I have tried offering my bird peanuts and treats from a flat palm up approach but she ignores the treats and goes for the hand, the only way I have found to get her to look for treats is if i hold a handfull of seeds or treats and let her beak peck between my fingers, she eventually realised that Im usually tring to share and not going to take her nest space. I still cant get her to try greens or peanuts though.

Mine only is grumpy in her cage, maybe it would be easier to try in a neutral area that Brownie hasnt claimed as his?


----------



## Camrron (Dec 19, 2005)

I had the same experience as you Brownieluv. The pecking at my hand seemed at bit ferocious too and now that his beak has hardened up with age, or sharpened from use, it hurts! I think the problem all started when I was trying to first encourage him to eat by pecking at his seeds with my finger. Ever since then he associates my hand as though it is another bird.

I notice that there is a mental disconnect in my birds mind between me and my hand. I am Ok, the hand is not however I eventually got past the problem after reading about shaking the seed can at dinner time. Now, he still occassionally pecks my hand but never when I am holding the seed can and he will follow just about anywhere I go while shaking it. 

Cameron


----------



## mr squeaks (Apr 14, 2005)

Just a comment about "treats"...

I had mentioned in a past post about Mr. Squeaks getting hemp seeds as a treat and how he really liked them. Well, guess what, I found something else he likes EVEN BETTER - SAFFLOWER SEEDS!  

Cindy (AZWhitefeather) and I picked up some today for our respective birds. I just bought a little to add to the mix of seeds I already feed. I had no idea how Squeaks would react to them, so, just for fun, I placed a few on the ground. Well, let me tell you...I now have an ADDICTED PIGEON! He went berserk and gobbled those seeds down like he hadn't eaten in a MONTH! Fortunately, he can't get into the package or I would probably be running to the Vet with a pigeon so full he couldn't walk! I sure hope Safflower seeds aren't the "heroin" of the pigeon world or Mr. Squeaks is in deep doo-doo! And all it took was a FEW seeds! *sigh* Cindy and I think Squeaks is a spoiled rotten bird...gee, ya think????


----------



## Guest (Jan 26, 2006)

*Deja vu*

This seems to be a recurring issue brought up in Pigeon-Talk. "My pigeon used to be so nice, but now he's mean!" This seems to be part of normal development.

I do think there is indeed a tense relationship between pigeon and hands...especially fingers. It does seem to be a territory related issue.

I think it's hard for lots of pigeon owners to deal with this. We love our birds, but they don't always show love in return. 
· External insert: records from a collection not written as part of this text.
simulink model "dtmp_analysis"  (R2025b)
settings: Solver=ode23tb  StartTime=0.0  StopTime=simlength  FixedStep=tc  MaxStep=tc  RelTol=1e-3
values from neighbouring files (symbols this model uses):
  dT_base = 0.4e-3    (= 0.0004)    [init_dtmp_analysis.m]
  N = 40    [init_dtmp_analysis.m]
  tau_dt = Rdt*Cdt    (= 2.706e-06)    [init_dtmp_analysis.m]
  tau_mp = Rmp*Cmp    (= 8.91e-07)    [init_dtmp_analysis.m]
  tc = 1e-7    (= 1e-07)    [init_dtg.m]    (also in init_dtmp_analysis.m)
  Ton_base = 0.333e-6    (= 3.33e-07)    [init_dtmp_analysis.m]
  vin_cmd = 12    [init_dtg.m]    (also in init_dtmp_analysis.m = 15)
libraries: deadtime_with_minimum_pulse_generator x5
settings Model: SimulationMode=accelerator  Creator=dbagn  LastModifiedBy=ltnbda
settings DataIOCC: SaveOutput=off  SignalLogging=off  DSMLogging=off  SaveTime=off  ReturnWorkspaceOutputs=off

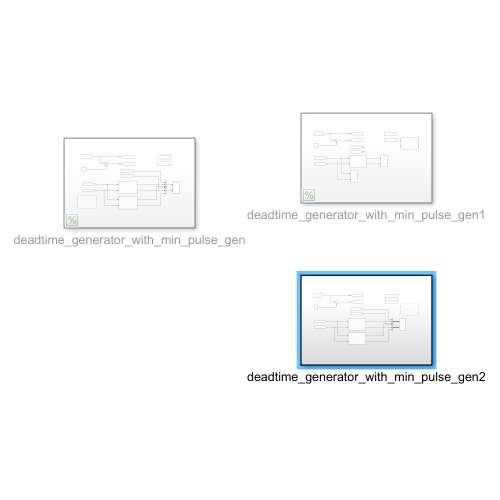
[thumbnail: Simulink's stored preview of the top-level diagram]
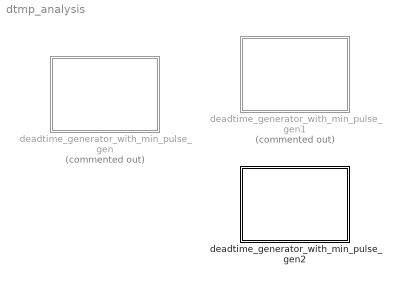
== system dtmp_analysis ==
  deadtime_generator_with_min_pulse_gen : Subsystem  Commented=on
  deadtime_generator_with_min_pulse_gen1 : Subsystem  Commented=on
  deadtime_generator_with_min_pulse_gen2 : Subsystem

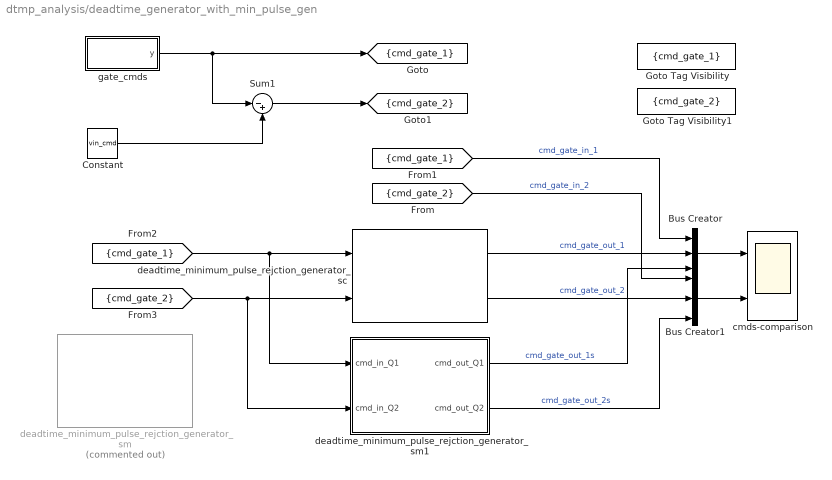
== system dtmp_analysis/deadtime_generator_with_min_pulse_gen ==
  Bus Creator : BusCreator  Inputs=3
  Bus Creator1 : BusCreator  Inputs=3
  Constant : Constant  Value=vin_cmd
  Goto Tag Visibility : GotoTagVisibility  GotoTag=cmd_gate_1
  Goto Tag Visibility1 : GotoTagVisibility  GotoTag=cmd_gate_2
  Sum1 : Sum  Inputs=|-+
  cmds-comparison : Scope  NumInputPorts=2
      settings: SampleTime=tc  ActiveDisplayYMinimum=-1.8749999999999996  ActiveDisplayYMaximum=16.875
  deadtime_minimum_pulse_rejction_generator_sc : deadtime_with_minimum_pulse_generator/deadtime_minimum_pulse_rejction_generator_sc  Vpos_rail_dtg=15  Vneg_rail_dtg=0  Cdt=Cdt  Rdt=Rdt  Cmp=Cmp  Rmp=Rmp
  deadtime_minimum_pulse_rejction_generator_sm : deadtime_with_minimum_pulse_generator/deadtime_minimum_pulse_rejction_generator_sm  Commented=on  Vpos_rail_dtg=12  deadtime=2e-6  minimum_pulse=2e-6
  deadtime_minimum_pulse_rejction_generator_sm1 : Subsystem  mask{Vpos_rail_dtg=15, deadtime=tau_dt, minimum_pulse=tau_mp, tc_m=tc}
      mask prompts: Vpos_rail_dtg "Positive Voltage Rail Supply"; deadtime "DeadTime [s]"; minimum_pulse "Minimum Pulse [s]"; tc_m "tc [s]"
  gate_cmds : Subsystem
  tag scope: cmd_gate_1=scoped, cmd_gate_2=scoped
  wires:
  gate_cmds/1(y) -> [cmd_gate_1], Sum1/1
  [cmd_gate_2] -> Bus Creator1/1  "cmd_gate_in_2"
  [cmd_gate_1] -> Bus Creator/1  "cmd_gate_in_1"
  deadtime_minimum_pulse_rejction_generator_sc/2 -> Bus Creator1/2  "cmd_gate_out_2"
  deadtime_minimum_pulse_rejction_generator_sc/1 -> Bus Creator/2  "cmd_gate_out_1"
  Constant/1 -> Sum1/2
  Sum1/1 -> [cmd_gate_2]
  Bus Creator/1 -> cmds-comparison/1
  Bus Creator1/1 -> cmds-comparison/2
  [cmd_gate_1] -> deadtime_minimum_pulse_rejction_generator_sm1/1(cmd_in_Q1), deadtime_minimum_pulse_rejction_generator_sc/1
  [cmd_gate_2] -> deadtime_minimum_pulse_rejction_generator_sm1/2(cmd_in_Q2), deadtime_minimum_pulse_rejction_generator_sc/2
  deadtime_minimum_pulse_rejction_generator_sm1/1(cmd_out_Q1) -> Bus Creator/3  "cmd_gate_out_1s"
  deadtime_minimum_pulse_rejction_generator_sm1/2(cmd_out_Q2) -> Bus Creator1/3  "cmd_gate_out_2s"

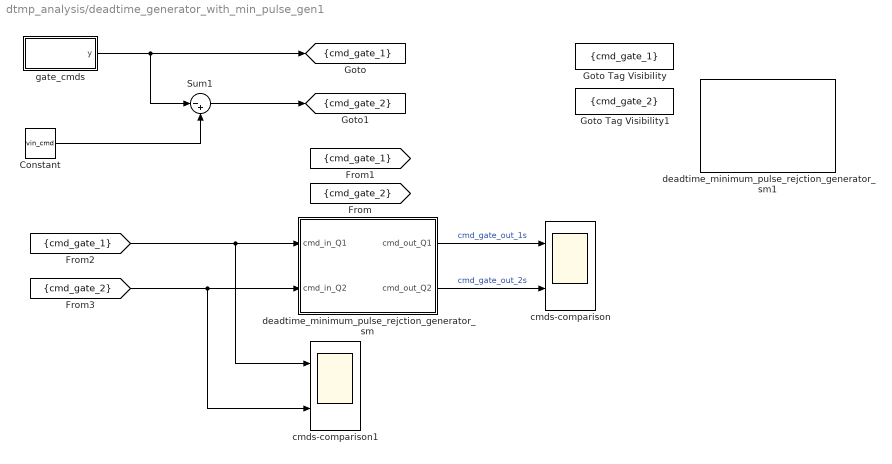
== system dtmp_analysis/deadtime_generator_with_min_pulse_gen1 ==
  Constant : Constant  Value=vin_cmd
  Goto Tag Visibility : GotoTagVisibility  GotoTag=cmd_gate_1
  Goto Tag Visibility1 : GotoTagVisibility  GotoTag=cmd_gate_2
  Sum1 : Sum  Inputs=|-+
  cmds-comparison : Scope  NumInputPorts=2
      settings: SampleTime=tc  ActiveDisplayYMinimum=-1.8749999999999996  ActiveDisplayYMaximum=16.875
  cmds-comparison1 : Scope  NumInputPorts=2
      settings: SampleTime=tc  ActiveDisplayYMinimum=-1.8749999999999996  ActiveDisplayYMaximum=16.875
  deadtime_minimum_pulse_rejction_generator_sm : Subsystem  mask{Vpos_rail_dtg=15, deadtime=tau_dt, minimum_pulse=tau_dt, tc_m=tc}
      mask prompts: Vpos_rail_dtg "Positive Voltage Rail Supply"; deadtime "DeadTime [s]"; minimum_pulse "Minimum Pulse [s]"; tc_m "tc [s]"
  deadtime_minimum_pulse_rejction_generator_sm1 : deadtime_with_minimum_pulse_generator/deadtime_minimum_pulse_rejction_generator_sm  Vpos_rail_dtg=12  deadtime=2e-6  minimum_pulse=2e-6
  gate_cmds : Subsystem
  tag scope: cmd_gate_1=scoped, cmd_gate_2=scoped
  wires:
  [cmd_gate_2] -> deadtime_minimum_pulse_rejction_generator_sm/2(cmd_in_Q2), cmds-comparison1/2
  [cmd_gate_1] -> deadtime_minimum_pulse_rejction_generator_sm/1(cmd_in_Q1), cmds-comparison1/1
  Sum1/1 -> [cmd_gate_2]
  Constant/1 -> Sum1/2
  gate_cmds/1(y) -> Sum1/1, [cmd_gate_1]
  deadtime_minimum_pulse_rejction_generator_sm/1(cmd_out_Q1) -> cmds-comparison/1  "cmd_gate_out_1s"
  deadtime_minimum_pulse_rejction_generator_sm/2(cmd_out_Q2) -> cmds-comparison/2  "cmd_gate_out_2s"

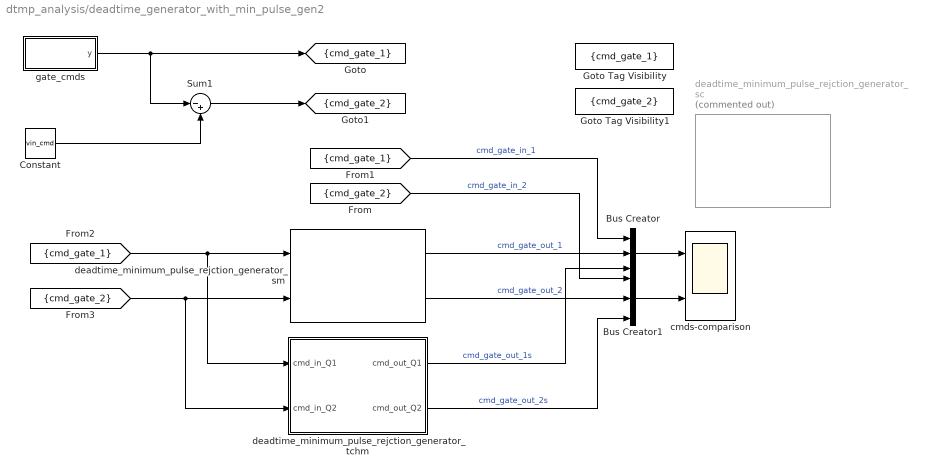
== system dtmp_analysis/deadtime_generator_with_min_pulse_gen2 ==
  Bus Creator : BusCreator  Inputs=3
  Bus Creator1 : BusCreator  Inputs=3
  Constant : Constant  Value=vin_cmd
  Goto Tag Visibility : GotoTagVisibility  GotoTag=cmd_gate_1
  Goto Tag Visibility1 : GotoTagVisibility  GotoTag=cmd_gate_2
  Sum1 : Sum  Inputs=|-+
  cmds-comparison : Scope  NumInputPorts=2
      settings: SampleTime=tc  ActiveDisplayYMinimum=-1.8749999999999996  ActiveDisplayYMaximum=16.875
  deadtime_minimum_pulse_rejction_generator_sc : deadtime_with_minimum_pulse_generator/deadtime_minimum_pulse_rejction_generator_sc  Commented=on  Vpos_rail_dtg=15  Vneg_rail_dtg=0  Cdt=Cdt  Rdt=Rdt  Cmp=Cmp  Rmp=Rmp
  deadtime_minimum_pulse_rejction_generator_sm : deadtime_with_minimum_pulse_generator/deadtime_minimum_pulse_rejction_generator_sm  Vpos_rail_dtg=15  deadtime=tau_dt  minimum_pulse=tau_mp
  deadtime_minimum_pulse_rejction_generator_tchm : Subsystem  mask{Vpos_rail_dtg=15, deadtime=tau_dt, minimum_pulse=tau_mp, tc_m=tc}
      mask prompts: Vpos_rail_dtg "Positive Voltage Rail Supply"; deadtime "DeadTime [s]"; minimum_pulse "Minimum Pulse [s]"; tc_m "tc [s]"
  gate_cmds : Subsystem
  tag scope: cmd_gate_1=scoped, cmd_gate_2=scoped
  wires:
  deadtime_minimum_pulse_rejction_generator_tchm/2(cmd_out_Q2) -> Bus Creator1/3  "cmd_gate_out_2s"
  deadtime_minimum_pulse_rejction_generator_tchm/1(cmd_out_Q1) -> Bus Creator/3  "cmd_gate_out_1s"
  [cmd_gate_2] -> deadtime_minimum_pulse_rejction_generator_sm/2, deadtime_minimum_pulse_rejction_generator_tchm/2(cmd_in_Q2)
  [cmd_gate_1] -> deadtime_minimum_pulse_rejction_generator_sm/1, deadtime_minimum_pulse_rejction_generator_tchm/1(cmd_in_Q1)
  Bus Creator1/1 -> cmds-comparison/2
  Bus Creator/1 -> cmds-comparison/1
  Sum1/1 -> [cmd_gate_2]
  Constant/1 -> Sum1/2
  deadtime_minimum_pulse_rejction_generator_sm/1 -> Bus Creator/2  "cmd_gate_out_1"
  deadtime_minimum_pulse_rejction_generator_sm/2 -> Bus Creator1/2  "cmd_gate_out_2"
  [cmd_gate_1] -> Bus Creator/1  "cmd_gate_in_1"
  [cmd_gate_2] -> Bus Creator1/1  "cmd_gate_in_2"
  gate_cmds/1(y) -> Sum1/1, [cmd_gate_1]

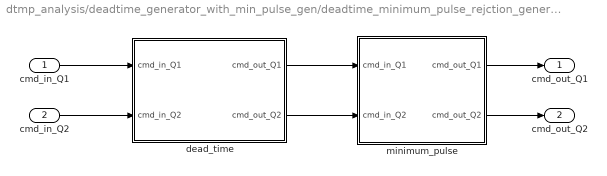
== system dtmp_analysis/deadtime_generator_with_min_pulse_gen/deadtime_minimum_pulse_rejction_generator_sm1 ==
  cmd_in_Q1 : Inport
  cmd_in_Q2 : Inport  Port=2
  dead_time : Subsystem
  minimum_pulse : Subsystem
  cmd_out_Q1 : Outport
  cmd_out_Q2 : Outport  Port=2
  wires:
  cmd_in_Q1/1 -> dead_time/1(cmd_in_Q1)
  cmd_in_Q2/1 -> dead_time/2(cmd_in_Q2)
  dead_time/1(cmd_out_Q1) -> minimum_pulse/1(cmd_in_Q1)
  dead_time/2(cmd_out_Q2) -> minimum_pulse/2(cmd_in_Q2)
  minimum_pulse/1(cmd_out_Q1) -> cmd_out_Q1/1
  minimum_pulse/2(cmd_out_Q2) -> cmd_out_Q2/1

== system dtmp_analysis/deadtime_generator_with_min_pulse_gen/gate_cmds ==
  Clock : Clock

Well...I guess we just have to love them anyway! 

Monica


----------



## Mistifire (May 27, 2004)

My pigeon mix has safflower in it, and that used to be what my pige would eat first, now that she is older its not the first choice anymore. 
I wonder why.


----------



## Brownieluv (Dec 12, 2005)

*Pecking*



Pidgey said:


> How old is Brownie? I've had a few squeakers that, when they got to the equivalent to "teenager" status, they got real rebellious and did that same behavior.
> 
> Pidgey


He is 2, almost 3. Does that still qualify as teenager. Also it was a very abrupt, overnight change.


----------



## Brownieluv (Dec 12, 2005)

*Sounds good*



Trees Gray said:


> Brownlie may be protecting his territory when you are moving him from one cage to another.
> 
> Also, he is getting used to you and treating you, like he would, another pigeon.
> 
> ...


If it was only an issue when I was moving him I could understand. But it is a constant, with no real let-up. Very depressing.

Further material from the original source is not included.